スパイの妻の作品情報・感想・評価

上映館(106館)

「スパイの妻」に投稿された感想・評価

ジョー

ジョーの感想・評価

3.3

このレビューはネタバレを含みます

悲しい”お見事”なお話

本作の主人公は、神戸で貿易会社を営む福原優作の妻
福原聡子。海外を訪れた優作が国家を揺るがす秘密を持ち帰り、それに共謀する。

素晴らしいと思ったのは多くの役者が、自分が置かれている立場をしっかりと理解して慎重に演技をしている点。

少し気になったのは、音楽。
東京事変のギタリストとしても活躍する長岡亮介が担当している。
シーンに合わせた音楽づくりは流石の一言。
しかし映画音楽として、カット変わりや心情の変化の一瞬にまで合わせた楽曲作りにはまだ至っていない印象だった。
これからの活躍に期待。



そして昔の日本を描く時にどうしても付きまとうのが”歴史的背景”の問題だと思う。

古くから日本には「女性は三歩下がって歩くべし」という言葉がある。
古臭く差別的だと頭ごなしに言葉狩りをする輩に騒ぎ立てられそうだ。
しかしその本当の意味は「有事の際は構わず逃げろ」というもの。大切な女性を守り通す強い意志を持った男の言葉だ。

逃げることが女性にとって本意ではない場合も多々あるだろう。それを無視して勝手に強がる男が当時の日本には大勢居たのだと思う。
残された家族は?女性の意志や人生は?
他人事のようにその心配が浮かぶのは、命の危険に日々怯えて暮らす必要のない平和な毎日を過ごせている証拠だ。

時代や環境を配慮せず、現代に当てはめて差別的だと批判しようと思えば多くの作品が”時代錯誤な問題作”になってしまう。

何を伝えようとしているのか、その本質をしっかり見極めようと努力しない人は、この映画のターゲットではない、それだけのことだと思う。
TomoyukiOe

TomoyukiOeの感想・評価

3.9
全員演技は上手いしストーリーもポスターからは想像できないほど壮絶なのでとても満足。
上流階級の生活からたまに見え隠れする狂気が凄いいい味。
お見事!!!!!!!
長回しシーンでの空間の使い方やお芝居のやり取りが演劇的で、個人的に気持ちよかった。どことなくNHK感があったものの、不穏な空気感は劇場だからこそ、深く体感できたのかもしれないと思った。
東出の復帰作、サイコパス役しかもう見たくないまである。

なんだかストーリーも劇的に見えないし、キャストが豪華すぎてこてこてしてる感じがあるなあ
バイオ兵器、ってところがコロナを少しかすらせるけど意識されたことではないんだろうか。

高橋一生はパーマかけて引きこもってるみたいな雰囲気が好きなので、この役はイケイケで冷めました。かっこいいけど!

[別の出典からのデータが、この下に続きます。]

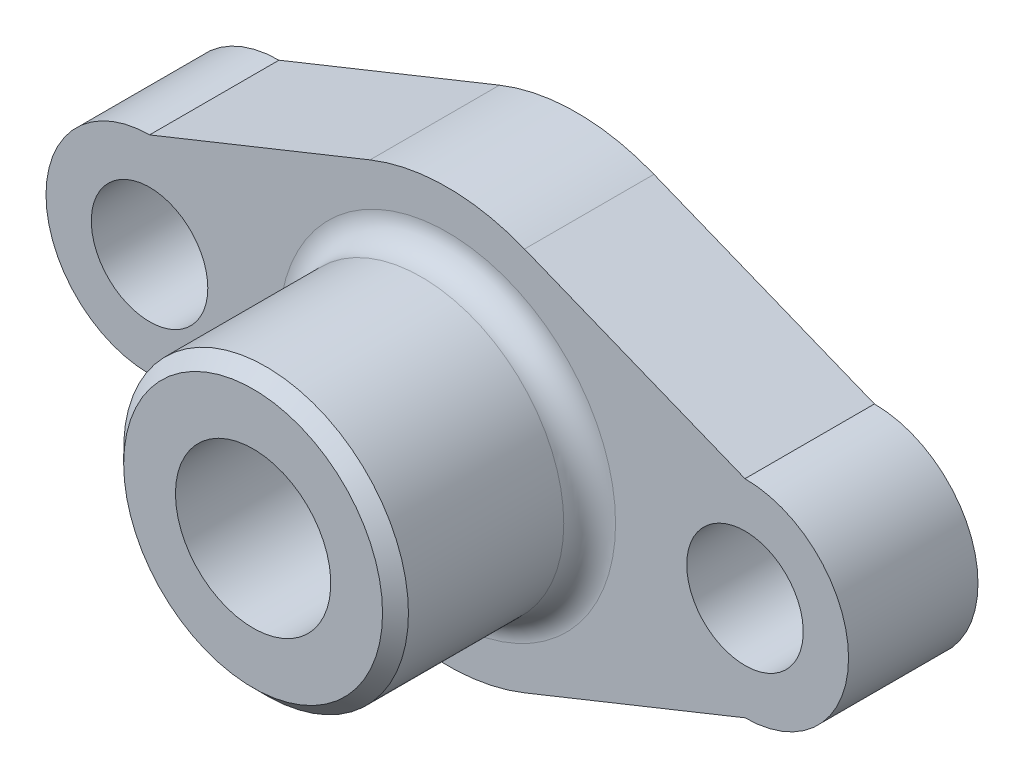
ISO-10303-21;
HEADER;
FILE_DESCRIPTION(('STEP AP214'),'2;1');
FILE_NAME('part.step','',(''),(''),'','','');
FILE_SCHEMA(('AUTOMOTIVE_DESIGN { 1 0 10303 214 1 1 1 1 }'));
ENDSEC;
DATA;
#1=APPLICATION_CONTEXT('core data for automotive mechanical design processes');
#2=APPLICATION_PROTOCOL_DEFINITION('international standard','automotive_design',2000,#1);
#3=PRODUCT_CONTEXT('',#1,'mechanical');
#4=PRODUCT('Part','Part','',(#3));
#5=PRODUCT_RELATED_PRODUCT_CATEGORY('part','',(#4));
#6=PRODUCT_DEFINITION_FORMATION('','',#4);
#7=PRODUCT_DEFINITION_CONTEXT('part definition',#1,'design');
#8=PRODUCT_DEFINITION('design','',#6,#7);
#9=PRODUCT_DEFINITION_SHAPE('','',#8);
#10=(LENGTH_UNIT() NAMED_UNIT(*) SI_UNIT(.MILLI.,.METRE.));
#11=(NAMED_UNIT(*) PLANE_ANGLE_UNIT() SI_UNIT($,.RADIAN.));
#12=(NAMED_UNIT(*) SI_UNIT($,.STERADIAN.) SOLID_ANGLE_UNIT());
#13=UNCERTAINTY_MEASURE_WITH_UNIT(LENGTH_MEASURE(1.E-05),#10,'distance_accuracy_value','');
#14=(GEOMETRIC_REPRESENTATION_CONTEXT(3) GLOBAL_UNCERTAINTY_ASSIGNED_CONTEXT((#13)) GLOBAL_UNIT_ASSIGNED_CONTEXT((#10,
#11,#12)) REPRESENTATION_CONTEXT('',''));
#15=CARTESIAN_POINT('',(0.,0.,0.));
#16=DIRECTION('',(0.,0.,1.));
#17=DIRECTION('',(1.,0.,0.));
#18=AXIS2_PLACEMENT_3D('',#15,#16,#17);
#19=CARTESIAN_POINT('',(0.,0.,10.));
#20=DIRECTION('',(0.,0.,1.));
#21=DIRECTION('',(1.,0.,0.));
#22=AXIS2_PLACEMENT_3D('',#19,#20,#21);
#23=PLANE('',#22);
#24=CARTESIAN_POINT('',(0.,0.,10.));
#25=DIRECTION('',(0.,0.,1.));
#26=DIRECTION('',(1.,0.,0.));
#27=AXIS2_PLACEMENT_3D('',#24,#25,#26);
#28=CIRCLE('',#27,13.);
#29=CARTESIAN_POINT('',(13.,0.,10.));
#30=VERTEX_POINT('',#29);
#31=EDGE_CURVE('E170',#30,#30,#28,.F.);
#32=ORIENTED_EDGE('',*,*,#31,.T.);
#33=EDGE_LOOP('',(#32));
#34=FACE_BOUND('',#33,.T.);
#35=CARTESIAN_POINT('',(-23.,0.,10.));
#36=DIRECTION('',(0.,0.,1.));
#37=DIRECTION('',(1.,0.,0.));
#38=AXIS2_PLACEMENT_3D('',#35,#36,#37);
#39=CIRCLE('',#38,4.49999999999999);
#40=CARTESIAN_POINT('',(-18.5,0.,10.));
#41=VERTEX_POINT('',#40);
#42=EDGE_CURVE('E144',#41,#41,#39,.T.);
#43=ORIENTED_EDGE('',*,*,#42,.F.);
#44=EDGE_LOOP('',(#43));
#45=FACE_BOUND('',#44,.T.);
#46=CARTESIAN_POINT('',(0.,0.,10.));
#47=DIRECTION('',(0.,0.,1.));
#48=DIRECTION('',(1.,0.,0.));
#49=AXIS2_PLACEMENT_3D('',#46,#47,#48);
#50=CIRCLE('',#49,16.);
#51=CARTESIAN_POINT('',(5.96666501165635,14.845838091488,10.));
#52=VERTEX_POINT('',#51);
#53=CARTESIAN_POINT('',(-5.96666501165635,14.845838091488,10.));
#54=VERTEX_POINT('',#53);
#55=EDGE_CURVE('E155',#52,#54,#50,.T.);
#56=ORIENTED_EDGE('',*,*,#55,.T.);
#57=DIRECTION('',(-0.927864880718,-0.372916563228522,0.));
#58=VECTOR('',#57,1.);
#59=CARTESIAN_POINT('',(-23.,8.,10.));
#60=LINE('',#59,#58);
#61=CARTESIAN_POINT('',(-23.,8.,10.));
#62=VERTEX_POINT('',#61);
#63=EDGE_CURVE('E103',#54,#62,#60,.T.);
#64=ORIENTED_EDGE('',*,*,#63,.T.);
#65=CARTESIAN_POINT('',(-23.,0.,10.));
#66=DIRECTION('',(0.,0.,1.));
#67=DIRECTION('',(1.,0.,0.));
#68=AXIS2_PLACEMENT_3D('',#65,#66,#67);
#69=CIRCLE('',#68,8.);
#70=CARTESIAN_POINT('',(-23.,-8.,10.));
#71=VERTEX_POINT('',#70);
#72=EDGE_CURVE('E240',#62,#71,#69,.T.);
#73=ORIENTED_EDGE('',*,*,#72,.T.);
#74=DIRECTION('',(0.927864880718,-0.372916563228522,0.));
#75=VECTOR('',#74,1.);
#76=CARTESIAN_POINT('',(-23.,-8.,10.));
#77=LINE('',#76,#75);
#78=CARTESIAN_POINT('',(-5.96666501165635,-14.845838091488,10.));
#79=VERTEX_POINT('',#78);
#80=EDGE_CURVE('E242',#71,#79,#77,.T.);
#81=ORIENTED_EDGE('',*,*,#80,.T.);
#82=CARTESIAN_POINT('',(0.,0.,10.));
#83=DIRECTION('',(0.,0.,1.));
#84=DIRECTION('',(1.,0.,0.));
#85=AXIS2_PLACEMENT_3D('',#82,#83,#84);
#86=CIRCLE('',#85,16.);
#87=CARTESIAN_POINT('',(5.96666501165635,-14.845838091488,10.));
#88=VERTEX_POINT('',#87);
#89=EDGE_CURVE('E122',#79,#88,#86,.T.);
#90=ORIENTED_EDGE('',*,*,#89,.T.);
#91=DIRECTION('',(0.927864880718,0.372916563228522,0.));
#92=VECTOR('',#91,1.);
#93=CARTESIAN_POINT('',(23.,-8.,10.));
#94=LINE('',#93,#92);
#95=CARTESIAN_POINT('',(23.,-8.,10.));
#96=VERTEX_POINT('',#95);
#97=EDGE_CURVE('E116',#88,#96,#94,.T.);
#98=ORIENTED_EDGE('',*,*,#97,.T.);
#99=CARTESIAN_POINT('',(23.,0.,10.));
#100=DIRECTION('',(0.,0.,1.));
#101=DIRECTION('',(-1.,0.,0.));
#102=AXIS2_PLACEMENT_3D('',#99,#100,#101);
#103=CIRCLE('',#102,8.);
#104=CARTESIAN_POINT('',(23.,8.,10.));
#105=VERTEX_POINT('',#104);
#106=EDGE_CURVE('E120',#96,#105,#103,.T.);
#107=ORIENTED_EDGE('',*,*,#106,.T.);
#108=DIRECTION('',(-0.927864880718,0.372916563228522,0.));
#109=VECTOR('',#108,1.);
#110=CARTESIAN_POINT('',(23.,8.,10.));
#111=LINE('',#110,#109);
#112=EDGE_CURVE('E59',#105,#52,#111,.T.);
#113=ORIENTED_EDGE('',*,*,#112,.T.);
#114=EDGE_LOOP('',(#56,#64,#73,#81,#90,#98,#107,#113));
#115=FACE_BOUND('',#114,.T.);
#116=CARTESIAN_POINT('',(23.,0.,10.));
#117=DIRECTION('',(0.,0.,1.));
#118=DIRECTION('',(-1.,0.,0.));
#119=AXIS2_PLACEMENT_3D('',#116,#117,#118);
#120=CIRCLE('',#119,4.49999999999999);
#121=CARTESIAN_POINT('',(18.5,0.,10.));
#122=VERTEX_POINT('',#121);
#123=EDGE_CURVE('E251',#122,#122,#120,.T.);
#124=ORIENTED_EDGE('',*,*,#123,.F.);
#125=EDGE_LOOP('',(#124));
#126=FACE_BOUND('',#125,.T.);
#127=ADVANCED_FACE('F41',(#34,#45,#115,#126),#23,.T.);
#128=CARTESIAN_POINT('',(0.,0.,0.));
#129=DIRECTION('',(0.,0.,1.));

監督の色なのか、ホラーじゃん、みたいな描写を良く見た。好みではないなあ〜
衣装と映画のフィルムが良かった
knitーami

knitーamiの感想・評価

4.5

このレビューはネタバレを含みます

余興のフィルム、短くてすぐ終わる。その中に映る背中から撃たれる女…結局読み合いに負けることを示しているのか…そして、いつもの不穏なカーテンのはためき。妻が、現実で金庫を開けたのは、このフィルムからの影響では。
夫を動かしたのは満州で見たもの、妻を動かしたのは余興のフィルムの方、って思える。
思い返すと、夫が「二人でがんばろう」とか言ってる時、どんな表情だったか、そういえば映ってなかったかも…あと、尾行を見張って盛り上がる妻と、全然一緒に盛り上がらない夫との温度差とか、もう一回観たくなる。コスモポリタンじゃない妻は、パートナーにはなり得なくて、ただ守るもの、みたいな考えなのか。おとりに使うって、共犯関係ではないよなぁ。
妻はアメリカで夫を見つけ出して、今度は妻のターンでやり返してほしいです。
あと、今なんの話だっけ?って一瞬忘れて、蒼井優の目から溢れる感情のみを受け取らされるようなシーンが何回もある。
まる

まるの感想・評価

3.7
なんでこんなに怖く撮れるの😱
NO

NOの感想・評価

4.3
1940年の神戸舞台に国家機密を知り、告発しようとする夫と、危険を顧みず彼を支えようとする妻の話だけど、スパイモノというよりは夫婦2人のラブゲームだった!
こういう黒沢清映画、いや日本映画を観たかった!

「731部隊の秘密を告発する!コスモポリタニズムだ!」と、高橋一生演じる優作は息巻いていたけど、どちらかというと超純粋で、超個人主義で、妻ののことなんて毛頭考えていなかった。でも、なんとか、聡子が優作にとって不可欠な存在になろうと迫っていき、ついに共犯関係になった恍惚とした表情と言ったらもう!無垢な男と、情念剥き出しの女のパワーバランスが絶妙に変化していくシーソーゲームだった。そして、迎えるある結末も心底震えた。

この辺りが、脚本を担当していた濱口竜介、野原位のほんのり『ハッピーアワー』を思い出した。映画秘宝のインタビューでもあったけど、嫉妬から物語が始まるのはこの二人じゃないとなかった発想。男女のコミュニケーションによって生じる、不和とそれが閾値まで行って、破滅してしまうのは『ハッピーアワー』と共通する部分かもしれない。

でも、戦争という存在を直接的に見せず、気配というか空気感だけで見せるとことか、ラストの扉を開けた向こうのあの世界の成れの果ては、『カリスマ』っぽくて、めちゃくちゃ黒沢清的だった。あと、『旅のおわり、世界のはじまり』の中盤の絶叫アトラクション(a.k.a処刑マシーン)があったけど、今回も拷問シーンがあった。もう癖なんじゃないかな。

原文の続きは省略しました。